Collinet Macosso et Claudio Delcazi à l’arrière

Intense journée de travail, entre les équipes gouvernementales illégitimes congolaises et celles de la compagnie italienne. Un protocole d’accord est signé, liant Eni aux ministères des hydrocarbures, de l’agriculture et celui du dauphin Denis Christel Sassou-NGuesso, pour le développement d’agro-biocarburants ainsi que celui de la valorisation du gaz pour laquelle Eni est déjà engagée,  (ci-dessous en téléchargement –traduction Congo-Liberty) et telle que publiée sur le site d’Eni . C’est un énorme projet industriel et agricole (150 000 hectares, 90 000 bénéficiaires etc …) !

La signature a été suivie d’une rencontre entre le Directeur Général d’Eni, Monsieur Claudio Descalzi et l’Empereur des Congolais, Denis Sassou Nguesso… S’agissant du gaz, Eni maîtrise totalement le sujet. Aucun concurrent ne pourrait  venir au Congo actuel, contre son gré, pour prétendre lui prendre sa place !

Enième projet, diront certains, avec des promesses de développer l’agriculture que l’Empereur depuis son arrivée au pouvoir a savamment contribué à faire disparaitre. L’accent était mis sur les ressources gazières « considérables », très demandées actuellement sur les marchés internationaux dont Eni appelle à la valorisation. A ce dernier mot, le pouvoir congolais, l’Empereur en personne, s’est vu en droit d’exiger sa part ; et comme nous venons de le rappeler,  Eni ne peut plus accepter les structures nauséabondes comme AOGC et PETRO CONGO.

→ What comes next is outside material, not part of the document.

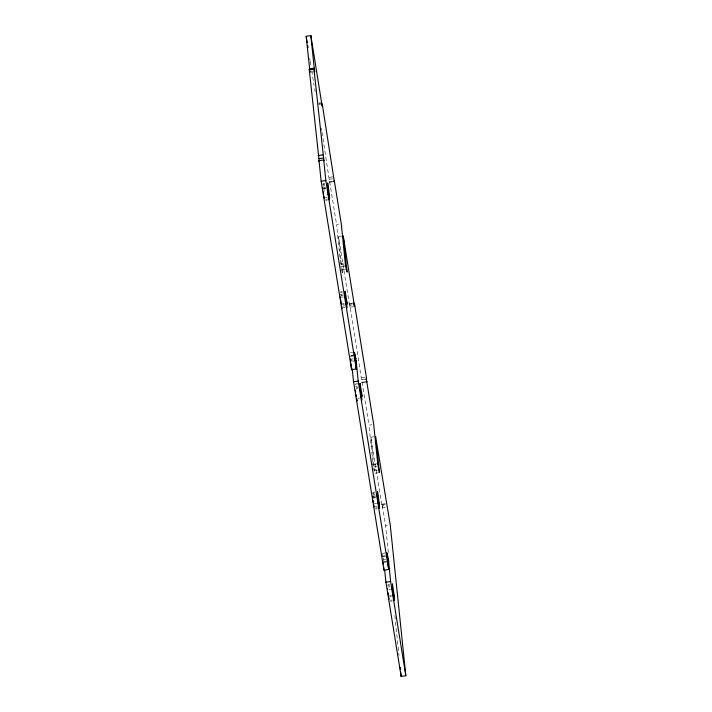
<?xml version="1.0" encoding="UTF-8"?>
<svg xmlns="http://www.w3.org/2000/svg" width="712" height="712" viewBox="0 0 712 712"><rect width="100%" height="100%" fill="white"/><g stroke="black" fill="none" stroke-linecap="round" stroke-linejoin="round"><path stroke-width="0.53" stroke-dasharray="3.56 2.67" d="M332.575 181.845L329.638 182.254L321.86 131.453M329.638 182.254L329.665 181.765L332.602 181.346M353.748 306.694L349.832 307.237L338.547 236.722L341.19 236.357M349.832 307.237L349.939 305.261L352.876 304.852M364.962 382.308L362.025 382.718L349.939 305.261M362.025 382.718L362.052 382.228L364.989 381.81M385.156 507.291L382.219 507.709L370.934 437.186L373.755 436.794M382.219 507.709L382.326 505.734L385.147 505.333M351.31 355.422L352.467 355.368L350.998 355.475M311.767 72.072L313.725 71.796M318.753 103.053L320.712 102.777M318.727 103.551L320.881 103.249M318.495 104.673L320.373 104.406M329.273 177.306L333.082 176.763M329.158 179.282L333.074 178.73M324.868 183.331L322.981 183.598L323.506 186.847M322.928 184.586L324.814 184.319M323.168 186.072L325.055 185.805M323.711 187.416L325.589 187.149M323.657 188.404L325.535 188.137M323.951 188.903L325.829 188.635M325.393 197.838L327.271 197.58M325.633 199.333L327.511 199.066M325.58 200.321L327.458 200.054M340.621 263.547L336.607 224.698L340.363 224.173M340.532 263.849L343.469 263.44M340.728 264.624L343.549 264.232M343.754 266.163L340.817 266.582L342.392 272.794L345.329 272.376M338.547 236.722L341.911 269.287L344.848 268.878M341.911 269.287L342.107 270.062L345.044 269.652M340.47 291.849L342.356 291.582M340.416 292.837L342.303 292.57M340.656 294.323L342.543 294.065M341.199 295.667L343.077 295.4M341.44 297.162L343.317 296.895M342.401 303.766L344.279 303.499M342.347 304.754L344.225 304.487M349.378 303.766L352.315 303.357M349.352 304.264L352.289 303.846M342.881 306.098L344.759 305.831M343.122 307.584L345 307.326M350.526 352.823L352.68 352.52M350.802 355.546L352.76 355.27M350.215 356.436L352.565 356.107M353.277 358.866L351.319 359.142L351.595 361.874L353.553 361.598M351.399 361.091L353.277 360.833M361.651 377.769L365.176 377.271M361.545 379.745L365.265 379.22M358.189 383.661L355.368 384.062L355.315 385.05L358.136 384.649M355.555 386.536L357.433 386.269M356.098 387.88L357.976 387.613M356.036 388.868L357.922 388.601M357.78 398.311L359.658 398.044M372.785 461.857L368.994 425.162L371.931 424.752M376.924 466.52L373.204 467.045L372.919 464.313L375.856 463.904M372.919 464.313L373.115 465.087L375.936 464.696M370.934 437.186L374.298 469.751L377.235 469.342M374.298 469.751L374.494 470.525L377.431 470.116M378.695 472.706L374.779 473.257L374.494 470.525M374.735 492.045L372.857 492.312L373.213 494.484M372.803 493.3L374.681 493.033M373.043 494.796L374.921 494.529M373.586 496.131L375.464 495.872M373.524 497.118L375.411 496.86M373.827 497.626L375.705 497.359M374.485 503.731L376.372 503.464M381.765 504.229L385.682 503.678M381.739 504.728L385.655 504.176M375.268 506.561L377.146 506.294M375.509 508.048L377.387 507.789M375.455 509.036L377.333 508.777M388.334 552.459L385.584 525.901L389.348 525.376M382.905 553.286L384.863 553.01M382.406 556.125L385.343 555.707M382.602 556.9L385.539 556.49M383.305 558.057L383.697 559.605L385.655 559.329M383.786 561.563L386.607 561.163M383.982 562.338L386.723 561.946M387.755 584.525L389.633 584.258M387.702 585.513L389.58 585.246M387.942 587L389.82 586.741M388.716 589.83L390.603 589.572M389.384 595.944L391.262 595.677M389.678 596.442L391.564 596.175M390.407 600.261L392.285 599.994M390.354 601.248L392.232 600.981M373.595 468.594L374.254 471.184M382.122 553.393L382.914 556.499M321.343 128.258L321.69 130.394M382.326 505.734L385.584 525.901M309.72 58.259L310.058 60.351M310.227 61.401L311.073 66.643M311.749 70.826L314.117 85.493M314.624 88.635L315.131 91.777M329.665 181.765L336.607 224.698M362.052 382.228L368.994 425.162M323.684 187.924L324.209 191.181M340.825 294.02L341.173 296.183M373.382 495.561L373.907 498.818M394.849 615.533L395.418 621.069M395.534 622.181L398.622 652.058M398.738 653.162L398.969 655.378M383.697 559.605L383.91 561.652M372.892 462.933L373.115 465.087M342.107 270.062L342.392 272.794"/><path stroke-width="1.07" d="M354.923 360.601L356.098 360.432L356.294 361.207L354.442 352.271L356.285 369.03L351.586 369.688L321.148 181.249L319.012 160.627L323.711 159.969L323.907 160.743L313.921 68.557L309.222 69.215L319.207 161.401L319.012 160.627M321.317 104.272L322.251 104.139L322.144 106.115L310.859 35.6L306.16 36.259L309.72 69.598M322.714 188.538L322.767 187.55M329.318 194.349L329.336 199.787L327.413 187.87L327.467 186.882L327.707 188.377L327.68 182.931L329.558 195.836L329.318 194.349L327.431 194.616M333.554 181.702L334.364 181.106L333.581 181.213M353.464 304.772L354.638 304.603L354.532 306.578L343.246 236.064L342.072 236.233M357.077 399.93L357.024 400.918L356.676 398.747M365.941 382.166L366.725 382.059L366.351 377.102L354.638 304.603M366.725 382.059L366.751 381.57L365.968 381.677M372.59 497.252L372.643 496.264M379.185 503.072L379.211 508.51L377.289 496.593L377.342 495.605L377.582 497.092L377.556 491.654L379.425 504.559L379.185 503.072L377.307 503.331M387.488 589.465L387.542 588.477M394.083 595.277L394.11 600.723L392.187 588.806L392.241 587.818L392.481 589.305L392.454 583.867L394.323 596.772L394.083 595.277L392.205 595.543M309.524 68.815L314.223 68.156L314.704 71.663L313.921 68.557M310.503 69.482L314.419 68.931M318.139 155.572L322.839 154.905M318.932 158.678L323.631 158.011M321.148 181.249L325.847 180.59L323.711 159.969M344.733 266.03L345.516 265.914L347.091 272.126L343.246 236.064M346.023 269.51L346.806 269.403M353.294 303.214L354.078 303.107M353.268 303.712L354.051 303.597M353.935 355.11L354.79 354.977L354.914 355.778L354.131 355.884M355.235 358.59L356.018 358.483M365.461 379.193L366.244 379.078M384.685 570.241L385.913 582.185L401.141 676.4L405.84 675.741L390.612 581.517L388.396 558.947L386.821 552.734L388.672 569.493L383.973 570.152L353.535 381.721L358.234 381.053L356.098 360.432M376.835 463.761L377.618 463.654L377.814 464.429L373.693 424.503L366.751 381.57M378.41 469.973L379.193 469.867L379.478 472.59L377.618 463.654M387.613 559.053L388.396 558.947M385.913 582.185L390.612 581.517M309.222 69.215L310.005 72.321L309.818 70.506M379.193 469.867L375.633 436.527L390.283 525.242L405.84 675.741M388.485 560.896L388.681 561.67M322.251 104.139L334.337 181.596M334.364 181.106L341.306 224.04L345.516 265.914M306.16 36.259L307.175 42.542M307.682 45.693L308.029 47.784M325.847 180.59L356.285 369.03M358.234 381.053L388.672 569.493M323.239 191.786L323.586 193.949M323.942 196.12L324.289 198.283M340.202 296.788L341.431 304.371M341.778 306.543L342.125 308.705M355.279 390.078L355.626 392.25M355.973 394.412L356.329 396.584M373.115 500.5L373.462 502.672M373.818 504.835L374.165 507.006M388.013 592.713L388.36 594.885M388.707 597.048L389.063 599.219M400.224 667.544L400.455 669.761M400.678 671.977L401.141 676.4M383.172 562.418L383.403 564.634M383.635 566.841L383.973 570.152M352.182 368.691L353.535 381.721M350.482 358.964L350.687 361.002M350.945 363.467L351.586 369.688M310.859 35.6L314.223 68.156M344.955 295.142L346.824 308.047L346.806 302.6L347.047 304.095L347.1 303.107L345.169 291.19L345.195 296.628L344.955 295.142M359.854 387.346L361.723 400.26L361.696 394.813L361.936 396.308L361.999 395.32L360.067 383.394L360.094 388.841L359.854 387.346"/></g></svg>

Comme les autres pétroliers, Eni a contribué à entretenir la malédiction de l’or noir au Congo-Brazzaville. Présente dans ce pays depuis 1968, la compagnie italienne affiche le plus grand nombre de participations dans des champs pétroliers, 17, dont 3 non-opérés. Elle révèle officiellement de piètres performances  (93.000 barils/jour en 2020 pour les champs opérés et 20.000 barils/jour pour 2 de ses participations dans Grands Fonds et Likouala.)

Il faut se souvenir qu’en 2007, lorsqu’ENI avait mis sur la table près de 5 milliards de dollars (autant que l’investissement de TOTAL dans Moho) pour racheter la participation de Maurel & Prom dans M’Boundi et Kouakouala, ainsi que la société Burren Energy pour les parts détenues dans ces deux derniers champs onshore, la production de ceux-ci était alors de 67.000 barils/jour (avec 1,5 milliard de barils en réserve) ; évidemment à rapprocher avec les déclarations actuelles…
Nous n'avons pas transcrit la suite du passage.